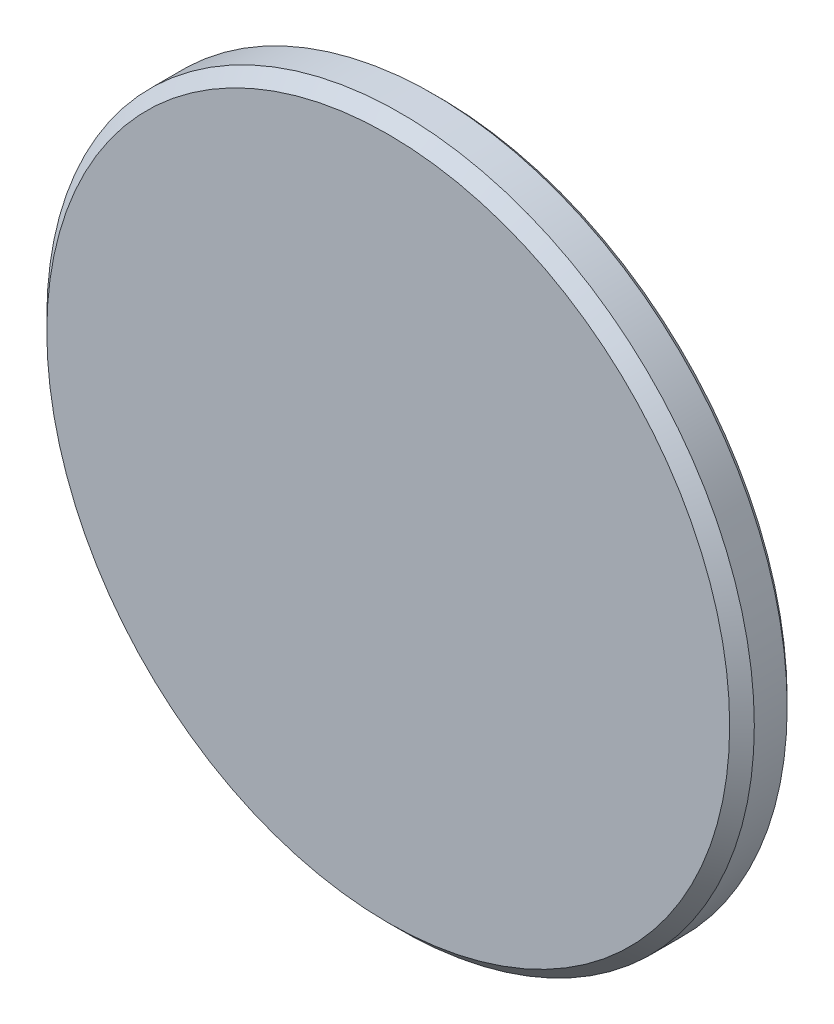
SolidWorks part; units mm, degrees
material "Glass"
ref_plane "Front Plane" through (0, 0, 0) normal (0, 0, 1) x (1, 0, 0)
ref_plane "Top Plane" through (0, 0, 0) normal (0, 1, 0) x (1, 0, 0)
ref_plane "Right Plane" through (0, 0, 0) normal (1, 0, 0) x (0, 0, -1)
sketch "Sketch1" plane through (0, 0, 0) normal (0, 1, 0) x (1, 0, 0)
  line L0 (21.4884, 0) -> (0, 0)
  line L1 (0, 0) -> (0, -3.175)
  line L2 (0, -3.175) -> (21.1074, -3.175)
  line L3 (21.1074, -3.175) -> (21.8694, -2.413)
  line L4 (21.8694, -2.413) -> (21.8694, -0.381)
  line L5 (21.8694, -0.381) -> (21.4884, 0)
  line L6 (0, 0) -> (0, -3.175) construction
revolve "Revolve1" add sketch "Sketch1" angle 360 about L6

What to work on: We ask that the entries above be copied exactly, with the pictures omitted.

Written reply:
SolidWorks part; units mm, degrees
material "Glass"
ref_plane "Front Plane" through (0, 0, 0) normal (0, 0, 1) x (1, 0, 0)
ref_plane "Top Plane" through (0, 0, 0) normal (0, 1, 0) x (1, 0, 0)
ref_plane "Right Plane" through (0, 0, 0) normal (1, 0, 0) x (0, 0, -1)
sketch "Sketch1" plane through (0, 0, 0) normal (0, 1, 0) x (1, 0, 0)
  line L0 (21.4884, 0) -> (0, 0)
  line L1 (0, 0) -> (0, -3.175)
  line L2 (0, -3.175) -> (21.1074, -3.175)
  line L3 (21.1074, -3.175) -> (21.8694, -2.413)
  line L4 (21.8694, -2.413) -> (21.8694, -0.381)
  line L5 (21.8694, -0.381) -> (21.4884, 0)
  line L6 (0, 0) -> (0, -3.175) construction
revolve "Revolve1" add sketch "Sketch1" angle 360 about L6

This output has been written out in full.